* [Directions for this task]:
Look through the material below. Return exactly the lines from the one with "#44=CARTESIAN_POINT('',(2.,6.52334532425955,37.8465687056194));" through the one with "#51=VECTOR('',#50,1.);", both included.

-- Material for this task follows --

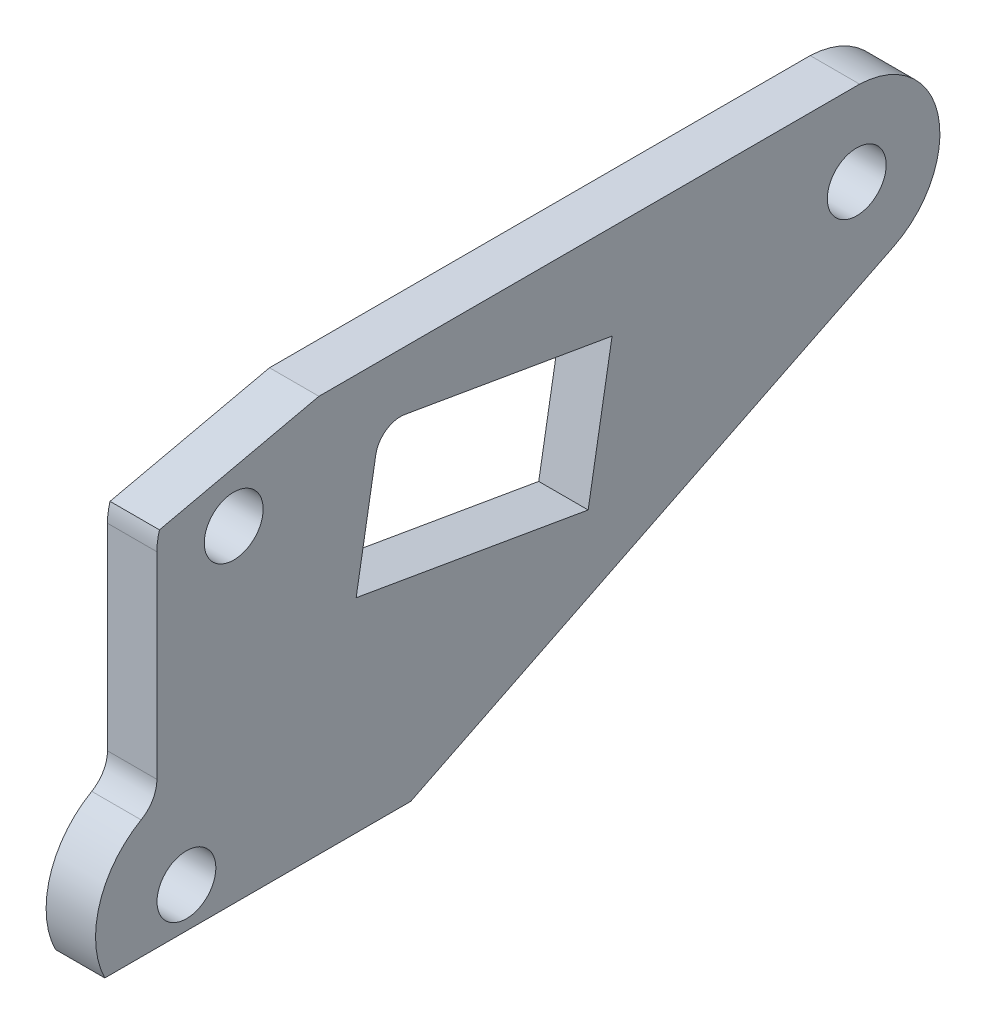
ISO-10303-21;
HEADER;
FILE_DESCRIPTION(('STEP AP214'),'2;1');
FILE_NAME('part.step','',(''),(''),'','','');
FILE_SCHEMA(('AUTOMOTIVE_DESIGN { 1 0 10303 214 1 1 1 1 }'));
ENDSEC;
DATA;
#1=APPLICATION_CONTEXT('core data for automotive mechanical design processes');
#2=APPLICATION_PROTOCOL_DEFINITION('international standard','automotive_design',2000,#1);
#3=PRODUCT_CONTEXT('',#1,'mechanical');
#4=PRODUCT('Part','Part','',(#3));
#5=PRODUCT_RELATED_PRODUCT_CATEGORY('part','',(#4));
#6=PRODUCT_DEFINITION_FORMATION('','',#4);
#7=PRODUCT_DEFINITION_CONTEXT('part definition',#1,'design');
#8=PRODUCT_DEFINITION('design','',#6,#7);
#9=PRODUCT_DEFINITION_SHAPE('','',#8);
#10=(LENGTH_UNIT() NAMED_UNIT(*) SI_UNIT(.MILLI.,.METRE.));
#11=(NAMED_UNIT(*) PLANE_ANGLE_UNIT() SI_UNIT($,.RADIAN.));
#12=(NAMED_UNIT(*) SI_UNIT($,.STERADIAN.) SOLID_ANGLE_UNIT());
#13=UNCERTAINTY_MEASURE_WITH_UNIT(LENGTH_MEASURE(1.E-05),#10,'distance_accuracy_value','');
#14=(GEOMETRIC_REPRESENTATION_CONTEXT(3) GLOBAL_UNCERTAINTY_ASSIGNED_CONTEXT((#13)) GLOBAL_UNIT_ASSIGNED_CONTEXT((#10,
#11,#12)) REPRESENTATION_CONTEXT('',''));
#15=CARTESIAN_POINT('',(0.,0.,0.));
#16=DIRECTION('',(0.,0.,1.));
#17=DIRECTION('',(1.,0.,0.));
#18=AXIS2_PLACEMENT_3D('',#15,#16,#17);
#19=CARTESIAN_POINT('',(2.,6.52334532425955,37.8465687056194));
#20=DIRECTION('',(0.,-0.169858235561271,-0.985468507772832));
#21=DIRECTION('',(0.,0.985468507772832,-0.169858235561271));
#22=AXIS2_PLACEMENT_3D('',#19,#20,#21);
#23=PLANE('',#22);
#24=DIRECTION('',(0.,-0.985468507772832,0.169858235561271));
#25=VECTOR('',#24,1.);
#26=CARTESIAN_POINT('',(-2.,6.52334532425955,37.8465687056194));
#27=LINE('',#26,#25);
#28=CARTESIAN_POINT('',(-2.,0.318688832561539,38.9160214538614));
#29=VERTEX_POINT('',#28);
#30=CARTESIAN_POINT('',(-2.,-8.89472787232873,40.504072916328));
#31=VERTEX_POINT('',#30);
#32=EDGE_CURVE('E205',#29,#31,#27,.T.);
#33=ORIENTED_EDGE('',*,*,#32,.F.);
#34=DIRECTION('',(-1.,0.,0.));
#35=VECTOR('',#34,1.);
#36=CARTESIAN_POINT('',(2.,0.318688832561539,38.9160214538614));
#37=LINE('',#36,#35);
#38=CARTESIAN_POINT('',(2.,0.318688832561539,38.9160214538614));
#39=VERTEX_POINT('',#38);
#40=EDGE_CURVE('E11',#39,#29,#37,.T.);
#41=ORIENTED_EDGE('',*,*,#40,.F.);
#42=DIRECTION('',(0.,-0.985468507772832,0.169858235561271));
#43=VECTOR('',#42,1.);
#44=CARTESIAN_POINT('',(2.,6.52334532425955,37.8465687056194));
#45=LINE('',#44,#43);
#46=CARTESIAN_POINT('',(2.,-8.89472787232873,40.504072916328));
#47=VERTEX_POINT('',#46);
#48=EDGE_CURVE('E242',#39,#47,#45,.T.);
#49=ORIENTED_EDGE('',*,*,#48,.T.);
#50=DIRECTION('',(-1.,0.,0.));
#51=VECTOR('',#50,1.);
#52=CARTESIAN_POINT('',(2.,-8.89472787232873,40.504072916328));
#53=LINE('',#52,#51);
#54=EDGE_CURVE('E56',#47,#31,#53,.T.);
#55=ORIENTED_EDGE('',*,*,#54,.T.);
#56=EDGE_LOOP('',(#33,#41,#49,#55));
#57=FACE_BOUND('',#56,.T.);
#58=ADVANCED_FACE('F37',(#57),#23,.T.);
#59=CARTESIAN_POINT('',(2.,-0.02646310209895,36.913549446067));
#60=DIRECTION('',(-1.,0.,0.));
#61=DIRECTION('',(0.,0.,1.));
#62=AXIS2_PLACEMENT_3D('',#59,#60,#61);
#63=CYLINDRICAL_SURFACE('',#62,2.032);
#64=CARTESIAN_POINT('',(-2.,-0.02646310209895,36.913549446067));
#65=DIRECTION('',(1.,0.,0.));
#66=DIRECTION('',(0.,0.,-1.));
#67=AXIS2_PLACEMENT_3D('',#64,#65,#66);
#68=CIRCLE('',#67,2.032);
#69=CARTESIAN_POINT('',(-2.,1.97600890569544,36.5683975114065));
#70=VERTEX_POINT('',#69);
#71=EDGE_CURVE('E202',#29,#70,#68,.F.);
#72=ORIENTED_EDGE('',*,*,#71,.T.);
#73=DIRECTION('',(-1.,0.,0.));
#74=VECTOR('',#73,1.);
#75=CARTESIAN_POINT('',(2.,1.97600890569544,36.5683975114065));
#76=LINE('',#75,#74);
#77=CARTESIAN_POINT('',(2.,1.97600890569544,36.5683975114065));
#78=VERTEX_POINT('',#77);
#79=EDGE_CURVE('E47',#78,#70,#76,.T.);
#80=ORIENTED_EDGE('',*,*,#79,.F.);
#81=CARTESIAN_POINT('',(2.,-0.02646310209895,36.913549446067));
#82=DIRECTION('',(1.,0.,0.));
#83=DIRECTION('',(0.,0.,-1.));
#84=AXIS2_PLACEMENT_3D('',#81,#82,#83);
#85=CIRCLE('',#84,2.032);
#86=EDGE_CURVE('E161',#39,#78,#85,.F.);
#87=ORIENTED_EDGE('',*,*,#86,.F.);
#88=ORIENTED_EDGE('',*,*,#40,.T.);
#89=EDGE_LOOP('',(#72,#80,#87,#88));
#90=FACE_BOUND('',#89,.T.);
#91=ADVANCED_FACE('F329',(#90),#63,.F.);
#92=CARTESIAN_POINT('',(2.,-4.2021844839036,0.724300813581509));
#93=DIRECTION('',(0.,0.985468507772832,-0.169858235561271));
#94=DIRECTION('',(0.,0.169858235561271,0.985468507772832));
#95=AXIS2_PLACEMENT_3D('',#92,#93,#94);
#96=PLANE('',#95);
#97=DIRECTION('',(0.,-0.169858235561271,-0.985468507772832));
#98=VECTOR('',#97,1.);
#99=CARTESIAN_POINT('',(-2.,-4.2021844839036,0.724300813581509));
#100=LINE('',#99,#98);
#101=CARTESIAN_POINT('',(-2.,-0.914638547086267,19.7976944461285));
#102=VERTEX_POINT('',#101);
#103=EDGE_CURVE('E167',#70,#102,#100,.T.);
#104=ORIENTED_EDGE('',*,*,#103,.T.);
#105=DIRECTION('',(-1.,0.,0.));
#106=VECTOR('',#105,1.);
#107=CARTESIAN_POINT('',(2.,-0.914638547086267,19.7976944461285));
#108=LINE('',#107,#106);
#109=CARTESIAN_POINT('',(2.,-0.914638547086267,19.7976944461285));
#110=VERTEX_POINT('',#109);
#111=EDGE_CURVE('E150',#110,#102,#108,.T.);
#112=ORIENTED_EDGE('',*,*,#111,.F.);
#113=DIRECTION('',(0.,-0.169858235561271,-0.985468507772832));
#114=VECTOR('',#113,1.);
#115=CARTESIAN_POINT('',(2.,-4.2021844839036,0.724300813581509));
#116=LINE('',#115,#114);
#117=EDGE_CURVE('E155',#78,#110,#116,.T.);
#118=ORIENTED_EDGE('',*,*,#117,.F.);
#119=ORIENTED_EDGE('',*,*,#79,.T.);
#120=EDGE_LOOP('',(#104,#112,#118,#119));
#121=FACE_BOUND('',#120,.T.);
#122=ADVANCED_FACE('F166',(#121),#96,.F.);
#123=CARTESIAN_POINT('',(2.,3.28754593681734,19.073393632547));
#124=DIRECTION('',(0.,-0.169858235561272,-0.985468507772832));
#125=DIRECTION('',(0.,0.985468507772832,-0.169858235561272));
#126=AXIS2_PLACEMENT_3D('',#123,#124,#125);
#127=PLANE('',#126);
#128=DIRECTION('',(0.,-0.985468507772832,0.169858235561272));
#129=VECTOR('',#128,1.);
#130=CARTESIAN_POINT('',(-2.,3.28754593681734,19.073393632547));
#131=LINE('',#130,#129);
#132=CARTESIAN_POINT('',(-2.,-12.1305272597709,21.7308978432556));
#133=VERTEX_POINT('',#132);
#134=EDGE_CURVE('E199',#102,#133,#131,.T.);
#135=ORIENTED_EDGE('',*,*,#134,.T.);
#136=DIRECTION('',(-1.,0.,0.));
#137=VECTOR('',#136,1.);
#138=CARTESIAN_POINT('',(2.,-12.1305272597709,21.7308978432556));
#139=LINE('',#138,#137);
#140=CARTESIAN_POINT('',(2.,-12.1305272597709,21.7308978432556));
#141=VERTEX_POINT('',#140);
#142=EDGE_CURVE('E100',#141,#133,#139,.T.);
#143=ORIENTED_EDGE('',*,*,#142,.F.);
#144=DIRECTION('',(0.,-0.985468507772832,0.169858235561272));
#145=VECTOR('',#144,1.);
#146=CARTESIAN_POINT('',(2.,3.28754593681734,19.073393632547));
#147=LINE('',#146,#145);
#148=EDGE_CURVE('E146',#110,#141,#147,.T.);
#149=ORIENTED_EDGE('',*,*,#148,.F.);
#150=ORIENTED_EDGE('',*,*,#111,.T.);
#151=EDGE_LOOP('',(#135,#143,#149,#150));
#152=FACE_BOUND('',#151,.T.);
#153=ADVANCED_FACE('F148',(#152),#127,.F.);
#154=CARTESIAN_POINT('',(2.,0.,56.6254002273468));
#155=DIRECTION('',(0.,0.,-1.));
#156=DIRECTION('',(-1.,0.,0.));
#157=AXIS2_PLACEMENT_3D('',#154,#155,#156);
#158=PLANE('',#157);
#159=DIRECTION('',(0.,-1.,0.));
#160=VECTOR('',#159,1.);
#161=CARTESIAN_POINT('',(-2.,0.,56.6254002273468));
#162=LINE('',#161,#160);
#163=CARTESIAN_POINT('',(-2.,2.38699131838962,56.6254002273468));
#164=VERTEX_POINT('',#163);
#165=CARTESIAN_POINT('',(-2.,-13.5592215366912,56.6254002273468));
#166=VERTEX_POINT('',#165);
#167=EDGE_CURVE('E229',#164,#166,#162,.T.);
#168=ORIENTED_EDGE('',*,*,#167,.T.);
#169=DIRECTION('',(-1.,0.,0.));
#170=VECTOR('',#169,1.);
#171=CARTESIAN_POINT('',(2.,-13.5592215366912,56.6254002273468));
#172=LINE('',#171,#170);
#173=CARTESIAN_POINT('',(2.,-13.5592215366912,56.6254002273468));
#174=VERTEX_POINT('',#173);
#175=EDGE_CURVE('E41',#174,#166,#172,.T.);
#176=ORIENTED_EDGE('',*,*,#175,.F.);
#177=DIRECTION('',(0.,-1.,0.));
#178=VECTOR('',#177,1.);
#179=CARTESIAN_POINT('',(2.,0.,56.6254002273468));
#180=LINE('',#179,#178);
#181=CARTESIAN_POINT('',(2.,2.38699131838962,56.6254002273468));
#182=VERTEX_POINT('',#181);
#183=EDGE_CURVE('E265',#182,#174,#180,.T.);
#184=ORIENTED_EDGE('',*,*,#183,.F.);
#185=DIRECTION('',(-1.,0.,0.));
#186=VECTOR('',#185,1.);
#187=CARTESIAN_POINT('',(2.,2.38699131838962,56.6254002273468));
#188=LINE('',#187,#186);
#189=EDGE_CURVE('E173',#182,#164,#188,.T.);
#190=ORIENTED_EDGE('',*,*,#189,.T.);
#191=EDGE_LOOP('',(#168,#176,#184,#190));
#192=FACE_BOUND('',#191,.T.);
#193=ADVANCED_FACE('F291',(#192),#158,.F.);
#194=CARTESIAN_POINT('',(2.,-13.5592215366912,59.1654002273468));
#195=DIRECTION('',(-1.,0.,0.));
#196=DIRECTION('',(0.,0.,1.));
#197=AXIS2_PLACEMENT_3D('',#194,#195,#196);
#198=CYLINDRICAL_SURFACE('',#197,2.54);
#199=CARTESIAN_POINT('',(-2.,-13.5592215366912,59.1654002273468));
#200=DIRECTION('',(1.,0.,0.));
#201=DIRECTION('',(0.,0.,-1.));
#202=AXIS2_PLACEMENT_3D('',#199,#200,#201);
#203=CIRCLE('',#202,2.54);
#204=CARTESIAN_POINT('',(-2.,-15.7615105365102,57.8998872241437));
#205=VERTEX_POINT('',#204);
#206=EDGE_CURVE('E227',#166,#205,#203,.F.);
#207=ORIENTED_EDGE('',*,*,#206,.T.);
#208=DIRECTION('',(-1.,0.,0.));
#209=VECTOR('',#208,1.);
#210=CARTESIAN_POINT('',(2.,-15.7615105365102,57.8998872241437));
#211=LINE('',#210,#209);
#212=CARTESIAN_POINT('',(2.,-15.7615105365102,57.8998872241437));
#213=VERTEX_POINT('',#212);
#214=EDGE_CURVE('E186',#213,#205,#211,.T.);
#215=ORIENTED_EDGE('',*,*,#214,.F.);
#216=CARTESIAN_POINT('',(2.,-13.5592215366912,59.1654002273468));
#217=DIRECTION('',(1.,0.,0.));
#218=DIRECTION('',(0.,0.,-1.));
#219=AXIS2_PLACEMENT_3D('',#216,#217,#218);
#220=CIRCLE('',#219,2.54);
#221=EDGE_CURVE('E113',#174,#213,#220,.F.);
#222=ORIENTED_EDGE('',*,*,#221,.F.);
#223=ORIENTED_EDGE('',*,*,#175,.T.);
#224=EDGE_LOOP('',(#207,#215,#222,#223));
#225=FACE_BOUND('',#224,.T.);
#226=ADVANCED_FACE('F320',(#225),#198,.F.);
#227=CARTESIAN_POINT('',(2.,-22.137211246104,54.2361845251858));
#228=DIRECTION('',(-1.,0.,0.));
#229=DIRECTION('',(0.,0.,1.));
#230=AXIS2_PLACEMENT_3D('',#227,#228,#229);
#231=CYLINDRICAL_SURFACE('',#230,7.35338541113316);
#232=CARTESIAN_POINT('',(-2.,-22.137211246104,54.2361845251858));
#233=DIRECTION('',(1.,0.,0.));
#234=DIRECTION('',(0.,0.,-1.));
#235=AXIS2_PLACEMENT_3D('',#232,#233,#234);
#236=CIRCLE('',#235,7.35338541113316);
#237=CARTESIAN_POINT('',(-2.,-25.3718603453728,60.8399199990873));
#238=VERTEX_POINT('',#237);
#239=EDGE_CURVE('E225',#205,#238,#236,.T.);
#240=ORIENTED_EDGE('',*,*,#239,.T.);
#241=DIRECTION('',(-1.,0.,0.));
#242=VECTOR('',#241,1.);
#243=CARTESIAN_POINT('',(2.,-25.3718603453728,60.8399199990873));
#244=LINE('',#243,#242);
#245=CARTESIAN_POINT('',(2.,-25.3718603453728,60.8399199990873));
#246=VERTEX_POINT('',#245);
#247=EDGE_CURVE('E185',#246,#238,#244,.T.);
#248=ORIENTED_EDGE('',*,*,#247,.F.);
#249=CARTESIAN_POINT('',(2.,-22.137211246104,54.2361845251858));
#250=DIRECTION('',(1.,0.,0.));
#251=DIRECTION('',(0.,0.,-1.));
#252=AXIS2_PLACEMENT_3D('',#249,#250,#251);
#253=CIRCLE('',#252,7.35338541113316);
#254=EDGE_CURVE('E262',#213,#246,#253,.T.);
#255=ORIENTED_EDGE('',*,*,#254,.F.);
#256=ORIENTED_EDGE('',*,*,#214,.T.);
#257=EDGE_LOOP('',(#240,#248,#255,#256));
#258=FACE_BOUND('',#257,.T.);
#259=ADVANCED_FACE('F318',(#258),#231,.T.);
#260=CARTESIAN_POINT('',(2.,-25.3718603453728,0.));
#261=DIRECTION('',(0.,-1.,0.));
#262=DIRECTION('',(0.,0.,-1.));
#263=AXIS2_PLACEMENT_3D('',#260,#261,#262);
#264=PLANE('',#263);
#265=DIRECTION('',(0.,0.,1.));
#266=VECTOR('',#265,1.);
#267=CARTESIAN_POINT('',(-2.,-25.3718603453728,0.));
#268=LINE('',#267,#266);
#269=CARTESIAN_POINT('',(-2.,-25.3718603453728,36.0875206472883));
#270=VERTEX_POINT('',#269);
#271=EDGE_CURVE('E222',#270,#238,#268,.T.);
#272=ORIENTED_EDGE('',*,*,#271,.F.);
#273=DIRECTION('',(-1.,0.,0.));
#274=VECTOR('',#273,1.);
#275=CARTESIAN_POINT('',(2.,-25.3718603453728,36.0875206472883));
#276=LINE('',#275,#274);
#277=CARTESIAN_POINT('',(2.,-25.3718603453728,36.0875206472883));
#278=VERTEX_POINT('',#277);
#279=EDGE_CURVE('E183',#278,#270,#276,.T.);
#280=ORIENTED_EDGE('',*,*,#279,.F.);
#281=DIRECTION('',(0.,0.,1.));
#282=VECTOR('',#281,1.);
#283=CARTESIAN_POINT('',(2.,-25.3718603453728,0.));
#284=LINE('',#283,#282);
#285=EDGE_CURVE('E259',#278,#246,#284,.T.);
#286=ORIENTED_EDGE('',*,*,#285,.T.);
#287=ORIENTED_EDGE('',*,*,#247,.T.);
#288=EDGE_LOOP('',(#272,#280,#286,#287));
#289=FACE_BOUND('',#288,.T.);
#290=ADVANCED_FACE('F315',(#289),#264,.T.);
#291=CARTESIAN_POINT('',(2.,-6.03157576772591,-2.98549735266419));
#292=DIRECTION('',(0.,-0.896220268256161,-0.443609322227177));
#293=DIRECTION('',(0.,0.443609322227177,-0.896220268256161));
#294=AXIS2_PLACEMENT_3D('',#291,#292,#293);
#295=PLANE('',#294);
#296=DIRECTION('',(0.,-0.443609322227177,0.896220268256161));
#297=VECTOR('',#296,1.);
#298=CARTESIAN_POINT('',(-2.,-6.03157576772591,-2.98549735266419));
#299=LINE('',#298,#297);
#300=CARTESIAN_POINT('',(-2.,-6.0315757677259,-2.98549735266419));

-- Material for this task concluded --

* [The completed task]:
#44=CARTESIAN_POINT('',(2.,6.52334532425955,37.8465687056194));
#45=LINE('',#44,#43);
#46=CARTESIAN_POINT('',(2.,-8.89472787232873,40.504072916328));
#47=VERTEX_POINT('',#46);
#48=EDGE_CURVE('E242',#39,#47,#45,.T.);
#49=ORIENTED_EDGE('',*,*,#48,.T.);
#50=DIRECTION('',(-1.,0.,0.));
#51=VECTOR('',#50,1.);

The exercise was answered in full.